Working men sometimes don’t care if the biryani they cooked during the weekend hasn’t turned out as special as they expected it to be, or they at least don’t hyperventilate about it. But most working women want even their daily cooking to be perfect and appreciated.  Be it managing the help, or the family responsibilities, the working woman strives hard to keep it perfect and often guilt trips herself if things fall in between.

 It’s hard convincing your own mind and being open to say its ‘OK’ to not be good at everything.

 Have there been any instances of gender biases in your career? If yes, how did it impact you? 

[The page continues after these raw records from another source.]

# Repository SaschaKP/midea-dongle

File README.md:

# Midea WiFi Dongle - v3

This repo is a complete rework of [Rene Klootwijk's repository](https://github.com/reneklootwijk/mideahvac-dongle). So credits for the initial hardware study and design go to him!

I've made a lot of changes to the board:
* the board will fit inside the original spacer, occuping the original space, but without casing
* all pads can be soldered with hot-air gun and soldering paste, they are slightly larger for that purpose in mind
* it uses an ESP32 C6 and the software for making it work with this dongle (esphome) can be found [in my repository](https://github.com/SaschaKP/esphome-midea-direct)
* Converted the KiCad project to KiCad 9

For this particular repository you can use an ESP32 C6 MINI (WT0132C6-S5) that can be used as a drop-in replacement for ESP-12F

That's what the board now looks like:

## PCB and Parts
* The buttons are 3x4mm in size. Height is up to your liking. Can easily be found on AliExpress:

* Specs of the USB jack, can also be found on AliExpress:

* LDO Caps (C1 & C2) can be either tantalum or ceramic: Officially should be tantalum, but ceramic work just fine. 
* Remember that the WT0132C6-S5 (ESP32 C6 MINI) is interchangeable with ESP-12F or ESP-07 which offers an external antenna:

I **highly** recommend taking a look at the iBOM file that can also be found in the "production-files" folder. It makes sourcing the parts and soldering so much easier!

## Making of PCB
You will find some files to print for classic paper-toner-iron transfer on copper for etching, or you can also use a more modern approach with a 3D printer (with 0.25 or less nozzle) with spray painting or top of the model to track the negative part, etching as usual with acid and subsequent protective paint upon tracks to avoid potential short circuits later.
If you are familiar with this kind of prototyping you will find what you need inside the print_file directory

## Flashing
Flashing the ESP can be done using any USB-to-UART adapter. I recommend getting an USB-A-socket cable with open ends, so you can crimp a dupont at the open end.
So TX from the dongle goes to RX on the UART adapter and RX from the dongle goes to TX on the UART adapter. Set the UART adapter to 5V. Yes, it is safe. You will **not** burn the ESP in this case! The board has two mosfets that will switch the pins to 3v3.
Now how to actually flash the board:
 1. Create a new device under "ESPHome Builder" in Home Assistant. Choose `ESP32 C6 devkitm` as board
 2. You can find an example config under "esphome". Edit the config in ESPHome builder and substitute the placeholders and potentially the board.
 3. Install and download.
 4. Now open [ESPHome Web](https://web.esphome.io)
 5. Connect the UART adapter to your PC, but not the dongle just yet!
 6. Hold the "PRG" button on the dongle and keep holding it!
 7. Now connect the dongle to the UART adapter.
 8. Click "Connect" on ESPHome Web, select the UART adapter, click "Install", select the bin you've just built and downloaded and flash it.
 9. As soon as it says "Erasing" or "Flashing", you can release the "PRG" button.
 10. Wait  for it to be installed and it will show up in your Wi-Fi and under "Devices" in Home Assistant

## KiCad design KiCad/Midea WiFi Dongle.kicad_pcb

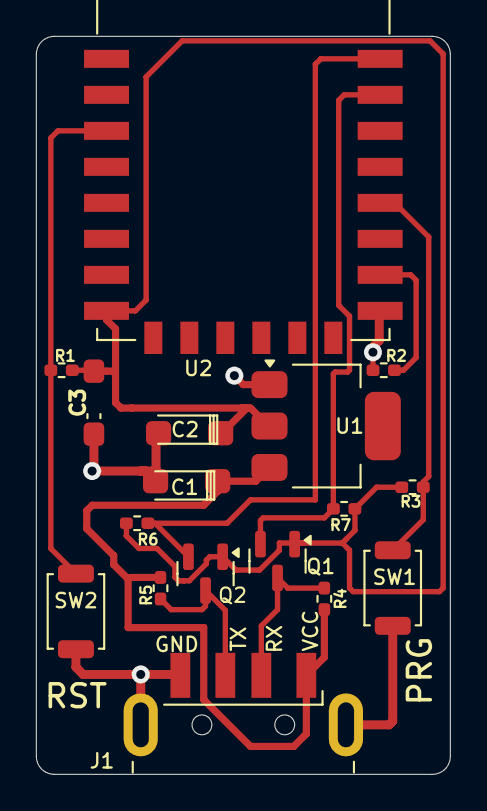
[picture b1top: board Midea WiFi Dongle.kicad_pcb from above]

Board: 2 copper layers, 23.0 x 41.0 mm, 18 parts (1 on the bottom side), 10 nets.

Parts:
C1, C2: 22uF; CP_1.62x0.84mm_0603_1608metric_HandSolder
C3: 100nF; CP_1.62x0.84mm_0603_1608Metric
G1: LOGO; Yoshi-Egg-Small
J1: USB_A; USB_A_CNCTech_1001-011-01101_Horizontal
Q1, Q2: BSS138; SOT-23
R1, R2, R3, R4, R5, R6, R7: 10k; R_0402_1005Metric_Pad0.72x0.64mm_HandSolder
SW1, SW2: SW_Push; SW_Push_SPST_NO_Alps_SKRK
U1: AMS1117-3.3; SOT-223
U2: WT0132C6-S5

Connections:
+3V3: C2.1, C3.2, Q1.1 (G), Q2.1 (G), R1.2, R3.2, R6.2, R7.1, U1.2 (VO), U2.8 (VCC)
+5V: C1.1, J1.1 (VBUS), R4.2, R5.1, U1.3 (VI)
/EN: R1.1, SW2.2, U2.3 (EN)
/GPIO7: R2.1, U2.16 (GPIO7)
/GPIO9: R3.1, SW1.2, U2.18 (GPIO9)
/RN1-5: Q2.2 (S), R6.1, U2.22 (GPIO16/TXD)
/RN1-6: Q1.2 (S), R7.2, U2.21 (GPIO17/RXD)
/RX_USB: J1.2 (D-), Q1.3 (D), R4.1
/TX_USB: J1.3 (D+), Q2.3 (D), R5.2
GND: C1.2, C2.2, C3.1, J1.4 (GND), J1.5 (Shield), R2.2, SW1.1, SW2.1, U1.1 (GND), U2.15 (GND)

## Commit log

2025-11-15 correct image paths
2025-11-15 dongle photo
2025-11-17 Added BMP (for traditional, toner, paper, iron method) and STL (negative, for 3D printer method, with spray paint, requires 0.25mm nozzle)
2025-11-17 add holes for usb jack
2025-11-17 Adding 3D print file for tracks coating/protective layer
2025-11-17 3d model image
2025-12-01 updated 3D model, I have to update the 3D printing model too.

I have grown up with boys as friends. I was always treated as an equal, be it in sports or in academics. So I never believed in the definition of gender roles. We were an all-woman family, so again I never knew or understood the concept of bias.

 However, when you start your professional journey you understand these nuances as you work with people who come from different mindsets.

I never let it bother me. I learned quickly to rise above it, be my best self and gave myself wholeheartedly to whatever task I did. The rest will follow, and it did.

Is there a pay gap in the industry? If yes, what could be the major reason behind it?

I think we have come a long way and today skills and potential are given more importance than gender. I know some great men and women in the business today who are making a mark and carrying the industry forward as a whole.

 What are the major challenges that women in the industry face? Any major hurdle that you faced in the past?

PR is a demanding industry where we often work round the clock and find ourselves in stressful situations/crisis. Managing stress at work, while ensuring a healthy work-life balance, with enough time for friends and family could be challenging. We have to individually plan our days better to ensure we give all aspects of our lives equal time and attention.

 What is your message to women in the industry?

 Believe in yourself, challenge the status quo and never give up!